**EXTRACTED DATA:**

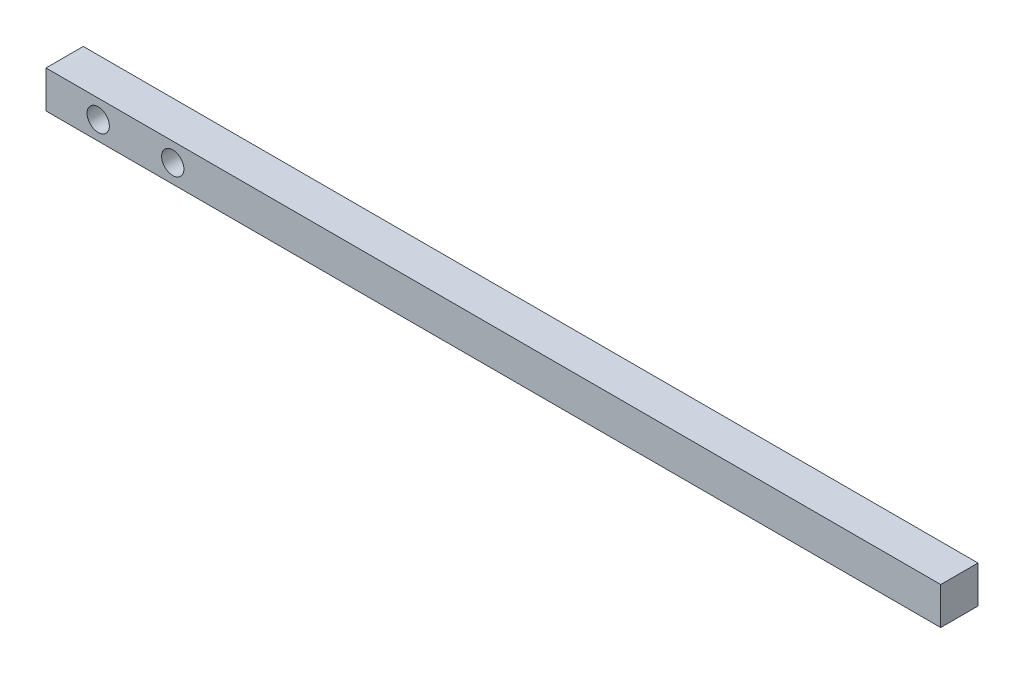
ISO-10303-21;
HEADER;
FILE_DESCRIPTION(('STEP AP214'),'2;1');
FILE_NAME('part.step','',(''),(''),'','','');
FILE_SCHEMA(('AUTOMOTIVE_DESIGN { 1 0 10303 214 1 1 1 1 }'));
ENDSEC;
DATA;
#1=APPLICATION_CONTEXT('core data for automotive mechanical design processes');
#2=APPLICATION_PROTOCOL_DEFINITION('international standard','automotive_design',2000,#1);
#3=PRODUCT_CONTEXT('',#1,'mechanical');
#4=PRODUCT('Part','Part','',(#3));
#5=PRODUCT_RELATED_PRODUCT_CATEGORY('part','',(#4));
#6=PRODUCT_DEFINITION_FORMATION('','',#4);
#7=PRODUCT_DEFINITION_CONTEXT('part definition',#1,'design');
#8=PRODUCT_DEFINITION('design','',#6,#7);
#9=PRODUCT_DEFINITION_SHAPE('','',#8);
#10=(LENGTH_UNIT() NAMED_UNIT(*) SI_UNIT(.MILLI.,.METRE.));
#11=(NAMED_UNIT(*) PLANE_ANGLE_UNIT() SI_UNIT($,.RADIAN.));
#12=(NAMED_UNIT(*) SI_UNIT($,.STERADIAN.) SOLID_ANGLE_UNIT());
#13=UNCERTAINTY_MEASURE_WITH_UNIT(LENGTH_MEASURE(1.E-05),#10,'distance_accuracy_value','');
#14=(GEOMETRIC_REPRESENTATION_CONTEXT(3) GLOBAL_UNCERTAINTY_ASSIGNED_CONTEXT((#13)) GLOBAL_UNIT_ASSIGNED_CONTEXT((#10,
#11,#12)) REPRESENTATION_CONTEXT('',''));
#15=CARTESIAN_POINT('',(0.,0.,0.));
#16=DIRECTION('',(0.,0.,1.));
#17=DIRECTION('',(1.,0.,0.));
#18=AXIS2_PLACEMENT_3D('',#15,#16,#17);
#19=CARTESIAN_POINT('',(76.2,-3.175,6.35));
#20=DIRECTION('',(-1.,0.,0.));
#21=DIRECTION('',(0.,0.,1.));
#22=AXIS2_PLACEMENT_3D('',#19,#20,#21);
#23=PLANE('',#22);
#24=DIRECTION('',(0.,1.,0.));
#25=VECTOR('',#24,1.);
#26=CARTESIAN_POINT('',(76.2,-3.175,0.));
#27=LINE('',#26,#25);
#28=CARTESIAN_POINT('',(76.2,-3.175,0.));
#29=VERTEX_POINT('',#28);
#30=CARTESIAN_POINT('',(76.2,3.175,0.));
#31=VERTEX_POINT('',#30);
#32=EDGE_CURVE('E98',#29,#31,#27,.T.);
#33=ORIENTED_EDGE('',*,*,#32,.T.);
#34=DIRECTION('',(0.,0.,-1.));
#35=VECTOR('',#34,1.);
#36=CARTESIAN_POINT('',(76.2,3.175,6.35));
#37=LINE('',#36,#35);
#38=CARTESIAN_POINT('',(76.2,3.175,6.35));
#39=VERTEX_POINT('',#38);
#40=EDGE_CURVE('E11',#39,#31,#37,.T.);
#41=ORIENTED_EDGE('',*,*,#40,.F.);
#42=DIRECTION('',(0.,1.,0.));
#43=VECTOR('',#42,1.);
#44=CARTESIAN_POINT('',(76.2,-3.175,6.35));
#45=LINE('',#44,#43);
#46=CARTESIAN_POINT('',(76.2,-3.175,6.35));
#47=VERTEX_POINT('',#46);
#48=EDGE_CURVE('E86',#47,#39,#45,.T.);
#49=ORIENTED_EDGE('',*,*,#48,.F.);
#50=DIRECTION('',(0.,0.,-1.));
#51=VECTOR('',#50,1.);
#52=CARTESIAN_POINT('',(76.2,-3.175,6.35));
#53=LINE('',#52,#51);
#54=EDGE_CURVE('E94',#47,#29,#53,.T.);
#55=ORIENTED_EDGE('',*,*,#54,.T.);
#56=EDGE_LOOP('',(#33,#41,#49,#55));
#57=FACE_BOUND('',#56,.T.);
#58=ADVANCED_FACE('F35',(#57),#23,.F.);
#59=CARTESIAN_POINT('',(-76.2,3.175,6.35));
#60=DIRECTION('',(0.,-1.,0.));
#61=DIRECTION('',(0.,0.,-1.));
#62=AXIS2_PLACEMENT_3D('',#59,#60,#61);
#63=PLANE('',#62);
#64=DIRECTION('',(-1.,0.,0.));
#65=VECTOR('',#64,1.);
#66=CARTESIAN_POINT('',(-76.2,3.175,0.));
#67=LINE('',#66,#65);
#68=CARTESIAN_POINT('',(-76.2,3.175,0.));
#69=VERTEX_POINT('',#68);
#70=EDGE_CURVE('E90',#31,#69,#67,.T.);
#71=ORIENTED_EDGE('',*,*,#70,.T.);
#72=DIRECTION('',(0.,0.,-1.));
#73=VECTOR('',#72,1.);
#74=CARTESIAN_POINT('',(-76.2,3.175,6.35));
#75=LINE('',#74,#73);
#76=CARTESIAN_POINT('',(-76.2,3.175,6.35));
#77=VERTEX_POINT('',#76);
#78=EDGE_CURVE('E43',#77,#69,#75,.T.);
#79=ORIENTED_EDGE('',*,*,#78,.F.);
#80=DIRECTION('',(-1.,0.,0.));
#81=VECTOR('',#80,1.);
#82=CARTESIAN_POINT('',(-76.2,3.175,6.35));
#83=LINE('',#82,#81);
#84=EDGE_CURVE('E81',#39,#77,#83,.T.);
#85=ORIENTED_EDGE('',*,*,#84,.F.);
#86=ORIENTED_EDGE('',*,*,#40,.T.);
#87=EDGE_LOOP('',(#71,#79,#85,#86));
#88=FACE_BOUND('',#87,.T.);
#89=ADVANCED_FACE('F89',(#88),#63,.F.);
#90=CARTESIAN_POINT('',(-76.2,-3.175,6.35));
#91=DIRECTION('',(1.,0.,0.));
#92=DIRECTION('',(0.,0.,-1.));
#93=AXIS2_PLACEMENT_3D('',#90,#91,#92);
#94=PLANE('',#93);
#95=DIRECTION('',(0.,-1.,0.));
#96=VECTOR('',#95,1.);
#97=CARTESIAN_POINT('',(-76.2,-3.175,0.));
#98=LINE('',#97,#96);
#99=CARTESIAN_POINT('',(-76.2,-3.175,0.));
#100=VERTEX_POINT('',#99);
#101=EDGE_CURVE('E68',#69,#100,#98,.T.);
#102=ORIENTED_EDGE('',*,*,#101,.T.);
#103=DIRECTION('',(0.,0.,-1.));
#104=VECTOR('',#103,1.);
#105=CARTESIAN_POINT('',(-76.2,-3.175,6.35));
#106=LINE('',#105,#104);
#107=CARTESIAN_POINT('',(-76.2,-3.175,6.35));
#108=VERTEX_POINT('',#107);
#109=EDGE_CURVE('E91',#108,#100,#106,.T.);
#110=ORIENTED_EDGE('',*,*,#109,.F.);
#111=DIRECTION('',(0.,-1.,0.));
#112=VECTOR('',#111,1.);
#113=CARTESIAN_POINT('',(-76.2,-3.175,6.35));
#114=LINE('',#113,#112);
#115=EDGE_CURVE('E84',#77,#108,#114,.T.);
#116=ORIENTED_EDGE('',*,*,#115,.F.);
#117=ORIENTED_EDGE('',*,*,#78,.T.);
#118=EDGE_LOOP('',(#102,#110,#116,#117));
#119=FACE_BOUND('',#118,.T.);
#120=ADVANCED_FACE('F92',(#119),#94,.F.);
#121=CARTESIAN_POINT('',(-76.2,-3.175,6.35));
#122=DIRECTION('',(0.,1.,0.));
#123=DIRECTION('',(0.,0.,1.));
#124=AXIS2_PLACEMENT_3D('',#121,#122,#123);
#125=PLANE('',#124);
#126=DIRECTION('',(1.,0.,0.));
#127=VECTOR('',#126,1.);
#128=CARTESIAN_POINT('',(-76.2,-3.175,0.));
#129=LINE('',#128,#127);
#130=EDGE_CURVE('E74',#100,#29,#129,.T.);
#131=ORIENTED_EDGE('',*,*,#130,.T.);
#132=ORIENTED_EDGE('',*,*,#54,.F.);
#133=DIRECTION('',(1.,0.,0.));
#134=VECTOR('',#133,1.);
#135=CARTESIAN_POINT('',(-76.2,-3.175,6.35));
#136=LINE('',#135,#134);
#137=EDGE_CURVE('E51',#108,#47,#136,.T.);
#138=ORIENTED_EDGE('',*,*,#137,.F.);
#139=ORIENTED_EDGE('',*,*,#109,.T.);
#140=EDGE_LOOP('',(#131,#132,#138,#139));
#141=FACE_BOUND('',#140,.T.);
#142=ADVANCED_FACE('F106',(#141),#125,.F.);
#143=CARTESIAN_POINT('',(0.,0.,6.35));
#144=DIRECTION('',(0.,0.,-1.));
#145=DIRECTION('',(-1.,0.,0.));
#146=AXIS2_PLACEMENT_3D('',#143,#144,#145);
#147=PLANE('',#146);
#148=CARTESIAN_POINT('',(-67.31,0.,6.35));
#149=DIRECTION('',(0.,0.,1.));
#150=DIRECTION('',(1.,0.,0.));
#151=AXIS2_PLACEMENT_3D('',#148,#149,#150);
#152=CIRCLE('',#151,1.89864999999999);
#153=CARTESIAN_POINT('',(-65.41135,0.,6.35));
#154=VERTEX_POINT('',#153);
#155=EDGE_CURVE('E120',#154,#154,#152,.T.);
#156=ORIENTED_EDGE('',*,*,#155,.F.);
#157=EDGE_LOOP('',(#156));
#158=FACE_BOUND('',#157,.T.);
#159=CARTESIAN_POINT('',(-54.61,0.,6.35));
#160=DIRECTION('',(0.,0.,1.));
#161=DIRECTION('',(1.,0.,0.));
#162=AXIS2_PLACEMENT_3D('',#159,#160,#161);
#163=CIRCLE('',#162,1.89864999999999);
#164=CARTESIAN_POINT('',(-52.71135,0.,6.35));
#165=VERTEX_POINT('',#164);
#166=EDGE_CURVE('E114',#165,#165,#163,.T.);
#167=ORIENTED_EDGE('',*,*,#166,.F.);
#168=EDGE_LOOP('',(#167));
#169=FACE_BOUND('',#168,.T.);
#170=ORIENTED_EDGE('',*,*,#48,.T.);
#171=ORIENTED_EDGE('',*,*,#84,.T.);
#172=ORIENTED_EDGE('',*,*,#115,.T.);
#173=ORIENTED_EDGE('',*,*,#137,.T.);
#174=EDGE_LOOP('',(#170,#171,#172,#173));
#175=FACE_BOUND('',#174,.T.);
#176=ADVANCED_FACE('F82',(#158,#169,#175),#147,.F.);
#177=CARTESIAN_POINT('',(0.,0.,0.));
#178=DIRECTION('',(0.,0.,-1.));
#179=DIRECTION('',(-1.,0.,0.));
#180=AXIS2_PLACEMENT_3D('',#177,#178,#179);
#181=PLANE('',#180);
#182=CARTESIAN_POINT('',(-67.31,0.,0.));
#183=DIRECTION('',(0.,0.,1.));
#184=DIRECTION('',(1.,0.,0.));
#185=AXIS2_PLACEMENT_3D('',#182,#183,#184);
#186=CIRCLE('',#185,1.89865);
#187=CARTESIAN_POINT('',(-65.41135,0.,0.));
#188=VERTEX_POINT('',#187);
#189=EDGE_CURVE('E117',#188,#188,#186,.T.);
#190=ORIENTED_EDGE('',*,*,#189,.T.);
#191=EDGE_LOOP('',(#190));
#192=FACE_BOUND('',#191,.T.);
#193=CARTESIAN_POINT('',(-54.61,0.,0.));
#194=DIRECTION('',(0.,0.,1.));
#195=DIRECTION('',(1.,0.,0.));
#196=AXIS2_PLACEMENT_3D('',#193,#194,#195);
#197=CIRCLE('',#196,1.89864999999999);
#198=CARTESIAN_POINT('',(-52.71135,0.,0.));
#199=VERTEX_POINT('',#198);
#200=EDGE_CURVE('E101',#199,#199,#197,.T.);
#201=ORIENTED_EDGE('',*,*,#200,.T.);
#202=EDGE_LOOP('',(#201));
#203=FACE_BOUND('',#202,.T.);
#204=ORIENTED_EDGE('',*,*,#32,.F.);
#205=ORIENTED_EDGE('',*,*,#130,.F.);
#206=ORIENTED_EDGE('',*,*,#101,.F.);
#207=ORIENTED_EDGE('',*,*,#70,.F.);
#208=EDGE_LOOP('',(#204,#205,#206,#207));
#209=FACE_BOUND('',#208,.T.);
#210=ADVANCED_FACE('F109',(#192,#203,#209),#181,.T.);
#211=CARTESIAN_POINT('',(-54.61,0.,6.35));
#212=DIRECTION('',(0.,0.,1.));
#213=DIRECTION('',(1.,0.,0.));
#214=AXIS2_PLACEMENT_3D('',#211,#212,#213);
#215=CYLINDRICAL_SURFACE('',#214,1.89864999999999);
#216=ORIENTED_EDGE('',*,*,#200,.F.);
#217=EDGE_LOOP('',(#216));
#218=FACE_BOUND('',#217,.T.);
#219=ORIENTED_EDGE('',*,*,#166,.T.);
#220=EDGE_LOOP('',(#219));
#221=FACE_BOUND('',#220,.T.);
#222=ADVANCED_FACE('F131',(#218,#221),#215,.F.);
#223=CARTESIAN_POINT('',(-67.31,0.,6.35));
#224=DIRECTION('',(0.,0.,1.));
#225=DIRECTION('',(1.,0.,0.));
#226=AXIS2_PLACEMENT_3D('',#223,#224,#225);
#227=CYLINDRICAL_SURFACE('',#226,1.89864999999999);
#228=ORIENTED_EDGE('',*,*,#189,.F.);
#229=EDGE_LOOP('',(#228));
#230=FACE_BOUND('',#229,.T.);
#231=ORIENTED_EDGE('',*,*,#155,.T.);
#232=EDGE_LOOP('',(#231));
#233=FACE_BOUND('',#232,.T.);
#234=ADVANCED_FACE('F124',(#230,#233),#227,.F.);
#235=CLOSED_SHELL('',(#58,#89,#120,#142,#176,#210,#222,#234));
#236=MANIFOLD_SOLID_BREP('B2',#235);
#237=ADVANCED_BREP_SHAPE_REPRESENTATION('',(#18,#236),#14);
#238=SHAPE_DEFINITION_REPRESENTATION(#9,#237);
ENDSEC;
END-ISO-10303-21;

**TASK TO COMPLETE:**
Starting at the line that has "#101=EDGE_CURVE('E68',#69,#100,#98,.T.);" in the records above, restate word for word every line until the one that has "#146=AXIS2_PLACEMENT_3D('',#143,#144,#145);", and include that one as well.

**TASK RESPONSE:**
#101=EDGE_CURVE('E68',#69,#100,#98,.T.);
#102=ORIENTED_EDGE('',*,*,#101,.T.);
#103=DIRECTION('',(0.,0.,-1.));
#104=VECTOR('',#103,1.);
#105=CARTESIAN_POINT('',(-76.2,-3.175,6.35));
#106=LINE('',#105,#104);
#107=CARTESIAN_POINT('',(-76.2,-3.175,6.35));
#108=VERTEX_POINT('',#107);
#109=EDGE_CURVE('E91',#108,#100,#106,.T.);
#110=ORIENTED_EDGE('',*,*,#109,.F.);
#111=DIRECTION('',(0.,-1.,0.));
#112=VECTOR('',#111,1.);
#113=CARTESIAN_POINT('',(-76.2,-3.175,6.35));
#114=LINE('',#113,#112);
#115=EDGE_CURVE('E84',#77,#108,#114,.T.);
#116=ORIENTED_EDGE('',*,*,#115,.F.);
#117=ORIENTED_EDGE('',*,*,#78,.T.);
#118=EDGE_LOOP('',(#102,#110,#116,#117));
#119=FACE_BOUND('',#118,.T.);
#120=ADVANCED_FACE('F92',(#119),#94,.F.);
#121=CARTESIAN_POINT('',(-76.2,-3.175,6.35));
#122=DIRECTION('',(0.,1.,0.));
#123=DIRECTION('',(0.,0.,1.));
#124=AXIS2_PLACEMENT_3D('',#121,#122,#123);
#125=PLANE('',#124);
#126=DIRECTION('',(1.,0.,0.));
#127=VECTOR('',#126,1.);
#128=CARTESIAN_POINT('',(-76.2,-3.175,0.));
#129=LINE('',#128,#127);
#130=EDGE_CURVE('E74',#100,#29,#129,.T.);
#131=ORIENTED_EDGE('',*,*,#130,.T.);
#132=ORIENTED_EDGE('',*,*,#54,.F.);
#133=DIRECTION('',(1.,0.,0.));
#134=VECTOR('',#133,1.);
#135=CARTESIAN_POINT('',(-76.2,-3.175,6.35));
#136=LINE('',#135,#134);
#137=EDGE_CURVE('E51',#108,#47,#136,.T.);
#138=ORIENTED_EDGE('',*,*,#137,.F.);
#139=ORIENTED_EDGE('',*,*,#109,.T.);
#140=EDGE_LOOP('',(#131,#132,#138,#139));
#141=FACE_BOUND('',#140,.T.);
#142=ADVANCED_FACE('F106',(#141),#125,.F.);
#143=CARTESIAN_POINT('',(0.,0.,6.35));
#144=DIRECTION('',(0.,0.,-1.));
#145=DIRECTION('',(-1.,0.,0.));
#146=AXIS2_PLACEMENT_3D('',#143,#144,#145);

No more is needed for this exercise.